Notation, Formulas

Notation

Throughout this course we will use the following notational conventions, unless otherwise indicated:

  • small letters a, b, c, ..: numbers (or scalars)

  • small letters i,j, k, n, m: integers

  • greek letters \(\alpha, \beta, \gamma, ..\): parameters

  • small letters x, y, z, u, v, …: variables

  • bold face small letters \(\pmb{a, b, ..}\): column vectors of numbers

  • bold face large letters \(\pmb{A, B, ..}\): matrices of numbers

  • bold face greek letters \(\pmb{\alpha, \beta, ..}\): column vectors of parameters

  • bold face large letters \(\pmb{X, Y, ..}\): column vectors or matrices of random variables

  • exception 1: we will also use bold small letter \(\pmb{y}\) for vectors of random variables, rather than just \(\pmb{Y}\)

  • exception 2: bold large \(\pmb{X}\) for design matrix, a matrix of constants

Formulas (2.2.1)

Here are some formulas which we will eventually derive that then will be used extensively.

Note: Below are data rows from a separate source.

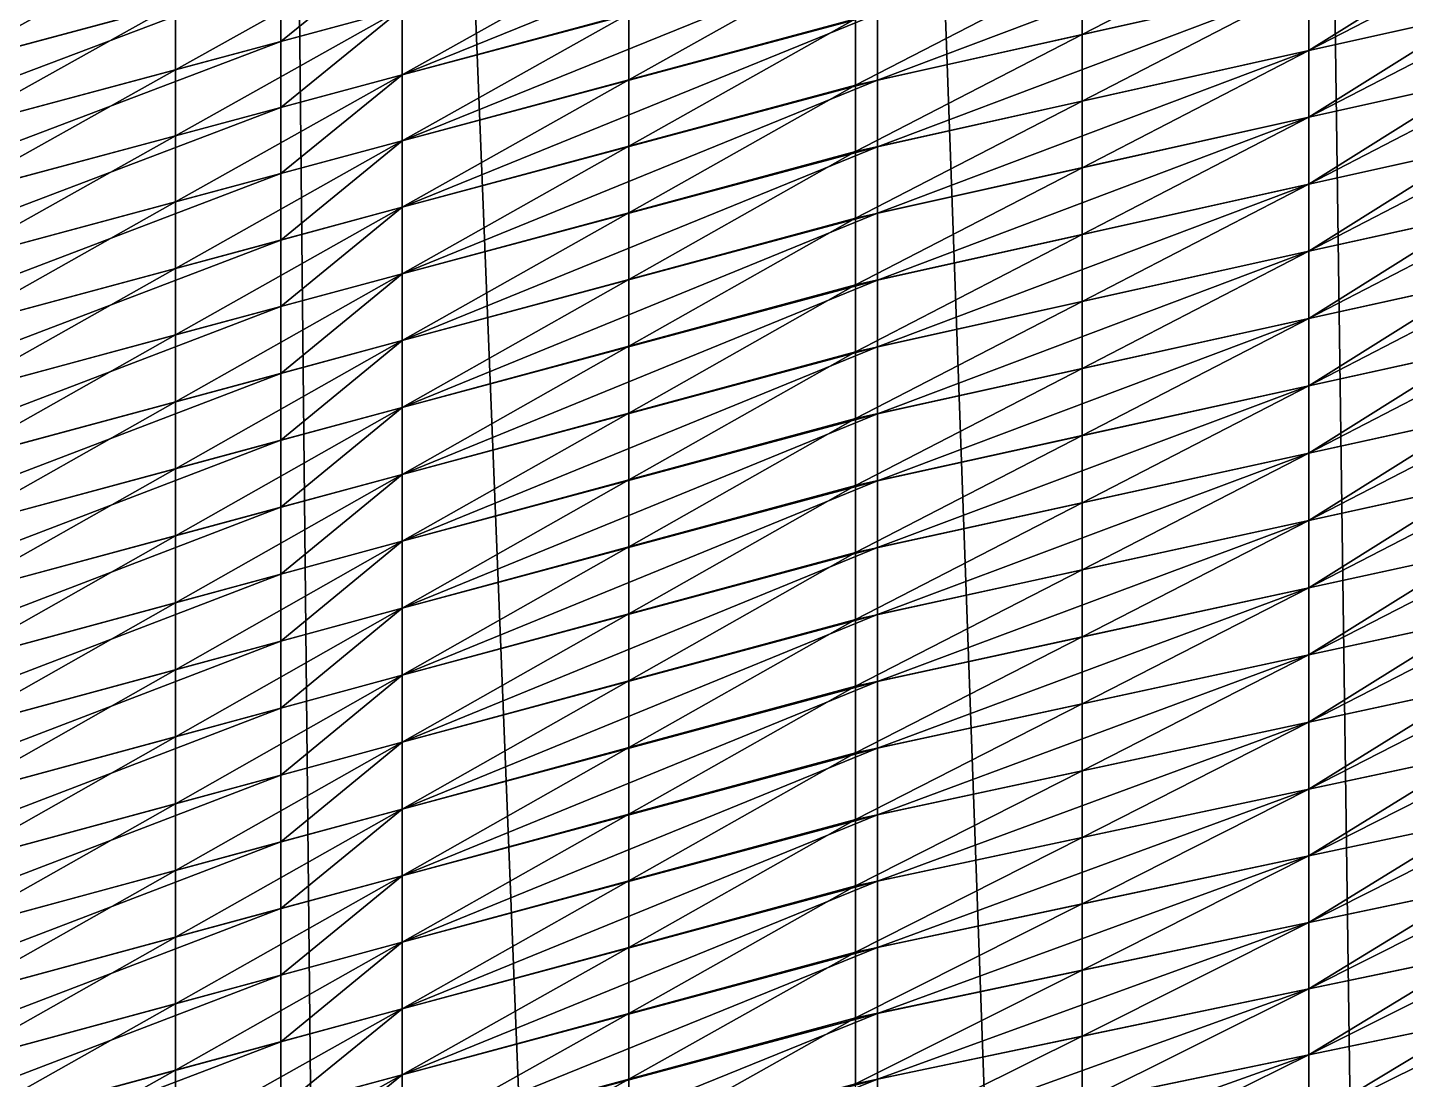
# Model space of a CAD drawing. Header units: metres. Extents: x -3 to 177, y -14 to 14.
# Drawn here: x 19.537 to 22.804, y 7.18 to 9.674 of the extents above; entities that cross this region are included whole.
import ezdxf

# ---------------------------------------------------------------- set-up
doc = ezdxf.new("R2010")
doc.units = ezdxf.units.M
doc.layers.add('ENGINE_ROOM', color=7, linetype='Continuous', true_color=0xa1acbe)
doc.layers.add('HULL', color=7, linetype='Continuous', true_color=0x528ba5)

msp = doc.modelspace()

# ---------------------------------------------------------------- linework, layer by layer
at = {"layer": 'ENGINE_ROOM'}
for points in [[(21.5517, 14.1752, 14.6089), (22.575, -14.2195, 14.6073), (22.575, 14.2195, 14.6073)], [(22.575, 14.2195, 14.6073), (22.9665, -14.2364, 14.6066), (22.9665, 14.2364, 14.6066)], [(22.575, 14.2195, 14.6073), (22.575, -14.2195, 14.6073), (22.9665, -14.2364, 14.6066)], [(20.425, 14.067, 14.613), (21.5517, -14.1752, 14.6089), (21.5517, 14.1752, 14.6089)], [(21.5517, 14.1752, 14.6089), (21.5517, -14.1752, 14.6089), (22.575, -14.2195, 14.6073)], [(20.1369, 14.0386, 14.6141), (20.425, -14.067, 14.613), (20.425, 14.067, 14.613)], [(20.425, 14.067, 14.613), (20.425, -14.067, 14.613), (21.5517, -14.1752, 14.6089)], [(18.7222, 13.8991, 14.6193), (20.1369, -14.0386, 14.6141), (20.1369, 14.0386, 14.6141)], [(20.1369, 14.0386, 14.6141), (20.1369, -14.0386, 14.6141), (20.425, -14.067, 14.613)], [(18.7222, 13.8991, 14.6193), (18.7222, -13.8991, 14.6193), (20.1369, -14.0386, 14.6141)], [(18.7222, 9.5722, 5.9912), (18.7222, 9.7263, 6.0666), (20.1369, 10.1041, 5.8243)], [(18.7222, 9.5722, 5.9912), (20.1369, 10.1041, 5.8243), (20.1369, 9.9512, 5.7432)], [(20.425, 9.5623, 5.4605), (20.425, 9.7188, 5.5356), (21.5517, 10.019, 5.3294)], [(20.425, 9.5623, 5.4605), (21.5517, 10.019, 5.3294), (21.5517, 9.8628, 5.2506)], [(18.7222, 9.4175, 5.9171), (18.7222, 9.5722, 5.9912), (20.1369, 9.9512, 5.7432)], [(18.7222, 9.4175, 5.9171), (20.1369, 9.9512, 5.7432), (20.1369, 9.7969, 5.6644)], [(21.5517, 9.5493, 5.0952), (21.5517, 9.7066, 5.1719), (22.575, 9.9351, 4.9589)], [(21.5517, 9.5493, 5.0952), (22.575, 9.9351, 4.9589), (22.575, 9.7777, 4.8788)], [(20.1369, 9.6414, 5.5881), (20.1369, 9.7969, 5.6644), (20.425, 9.8741, 5.613)], [(20.1369, 9.6414, 5.5881), (20.425, 9.8741, 5.613), (20.425, 9.7188, 5.5356)], [(20.425, 9.4057, 5.3858), (20.425, 9.5623, 5.4605), (21.5517, 9.8628, 5.2506)], [(20.425, 9.4057, 5.3858), (21.5517, 9.8628, 5.2506), (21.5517, 9.7066, 5.1719)], [(22.575, 9.6198, 4.7997), (22.575, 9.7777, 4.8788), (22.9665, 9.8651, 4.796)], [(22.575, 9.6198, 4.7997), (22.9665, 9.8651, 4.796), (22.9665, 9.707, 4.7158)], [(18.7222, 9.2615, 5.8457), (18.7222, 9.4175, 5.9171), (20.1369, 9.7969, 5.6644)], [(18.7222, 9.2615, 5.8457), (20.1369, 9.7969, 5.6644), (20.1369, 9.6414, 5.5881)], [(21.5517, 9.3918, 5.0191), (21.5517, 9.5493, 5.0952), (22.575, 9.7777, 4.8788)], [(21.5517, 9.3918, 5.0191), (22.575, 9.7777, 4.8788), (22.575, 9.6198, 4.7997)], [(20.1369, 9.4849, 5.5139), (20.1369, 9.6414, 5.5881), (20.425, 9.7188, 5.5356)], [(20.1369, 9.4849, 5.5139), (20.425, 9.7188, 5.5356), (20.425, 9.5623, 5.4605)], [(20.425, 9.2481, 5.3131), (20.425, 9.4057, 5.3858), (21.5517, 9.7066, 5.1719)], [(20.425, 9.2481, 5.3131), (21.5517, 9.7066, 5.1719), (21.5517, 9.5493, 5.0952)], [(22.575, 9.4616, 4.7212), (22.575, 9.6198, 4.7997), (22.9665, 9.707, 4.7158)], [(22.575, 9.4616, 4.7212), (22.9665, 9.707, 4.7158), (22.9665, 9.5488, 4.636)], [(18.7222, 9.1046, 5.7762), (18.7222, 9.2615, 5.8457), (20.1369, 9.6414, 5.5881)], [(18.7222, 9.1046, 5.7762), (20.1369, 9.6414, 5.5881), (20.1369, 9.4849, 5.5139)], [(21.5517, 9.2339, 4.9437), (21.5517, 9.3918, 5.0191), (22.575, 9.6198, 4.7997)], [(21.5517, 9.2339, 4.9437), (22.575, 9.6198, 4.7997), (22.575, 9.4616, 4.7212)], [(20.1369, 9.3282, 5.4402), (20.1369, 9.4849, 5.5139), (20.425, 9.5623, 5.4605)], [(20.1369, 9.3282, 5.4402), (20.425, 9.5623, 5.4605), (20.425, 9.4057, 5.3858)], [(20.425, 9.0903, 5.241), (20.425, 9.2481, 5.3131), (21.5517, 9.5493, 5.0952)], [(20.425, 9.0903, 5.241), (21.5517, 9.5493, 5.0952), (21.5517, 9.3918, 5.0191)], [(22.575, 9.3029, 4.6437), (22.575, 9.4616, 4.7212), (22.9665, 9.5488, 4.636)], [(22.575, 9.3029, 4.6437), (22.9665, 9.5488, 4.636), (22.9665, 9.3899, 4.5575)], [(18.7222, 8.9474, 5.7076), (18.7222, 9.1046, 5.7762), (20.1369, 9.4849, 5.5139)], [(18.7222, 8.9474, 5.7076), (20.1369, 9.4849, 5.5139), (20.1369, 9.3282, 5.4402)], [(21.5517, 9.0756, 4.8692), (21.5517, 9.2339, 4.9437), (22.575, 9.4616, 4.7212)], [(21.5517, 9.0756, 4.8692), (22.575, 9.4616, 4.7212), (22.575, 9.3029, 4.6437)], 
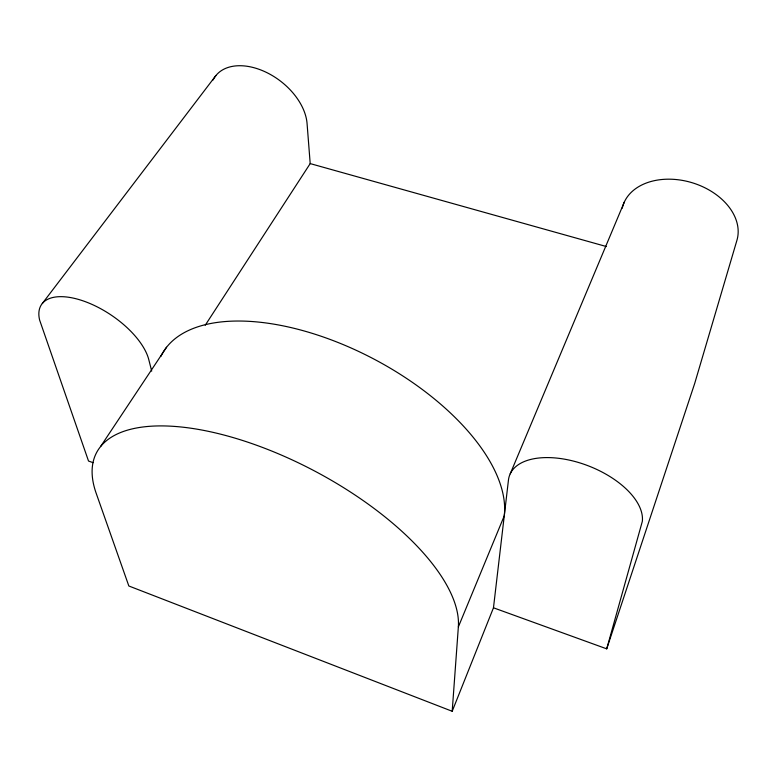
<?xml version="1.0" encoding="UTF-8"?>
<svg xmlns="http://www.w3.org/2000/svg" width="777" height="777" viewBox="0 0 777 777"><rect width="100%" height="100%" fill="white"/><g stroke="black" fill="none" stroke-linecap="round" stroke-linejoin="round"><path stroke-width="1.17" d="M458.352 626.913A202.37 86.043 28 0 0 259.363 446.26A202.37 86.043 28 0 0 96.154 493.201L128.836 585.984L452.195 711.276L458.352 626.913L504.263 515.841A190.821 95.542 28 0 0 356.73 350.553A190.821 95.542 28 0 0 160.829 356.478M493.473 607.799L508.459 480.031A70.542 37.228 21.4 0 1 579.72 462.859A70.542 37.228 21.4 0 1 642.336 521.338L606.72 648.844L493.473 607.799L452.195 711.276M606.72 648.844L694.687 383.479L736.936 240.268A59.567 42.288 16.9 0 0 690.394 182.216A59.567 42.288 16.9 0 0 622.26 208.187M510.217 473.834L624.29 202.127M205.235 325.233L310.198 163.597L307.07 123.553A54.497 35.421 37.3 0 0 265.219 71.834A54.497 35.421 37.3 0 0 213.092 79.963M100.563 446.571L166.55 347.251M42.317 303.506L215.88 75.573M310.198 163.597L606.448 246.562M93.085 462.684L88.52 461.033L39.637 320.105A63.588 30.186 33.9 0 1 84.712 301.447A63.588 30.186 33.9 0 1 148.805 359.693L151.7 371.124"/></g></svg>

As a numerical example we use

n=100
x1=1:n/10
x2=sort(round(runif(n, 0, 10), 1))
y=round(2+x1+3*x2+rnorm(n), 1)
ybar=mean(y)
X=cbind(1, x1, x2)
Xc=cbind(x1-mean(x1), x2-mean(x2))
yvec=cbind(y)
  • least squares estimator of \(\pmb{\beta}\):

\[\pmb{\hat{\beta}} = \pmb{(X'X)}^{-1}\pmb{X'y}\]

betahat=solve(t(X)%*%X)%*%t(X)%*%yvec
beta1hat=solve(t(Xc)%*%Xc)%*%t(Xc)%*%yvec
round(c(betahat), 4)
## [1] 1.9228 0.8055 3.2170
round(c(beta1hat), 4)
## [1] 0.8055 3.2170
yhat = X%*%betahat
  • SST total sums of squares

\[ \begin{aligned} &\text{SST}=\sum_{i=1}^n (y_i-\bar{y})^2 \end{aligned} \]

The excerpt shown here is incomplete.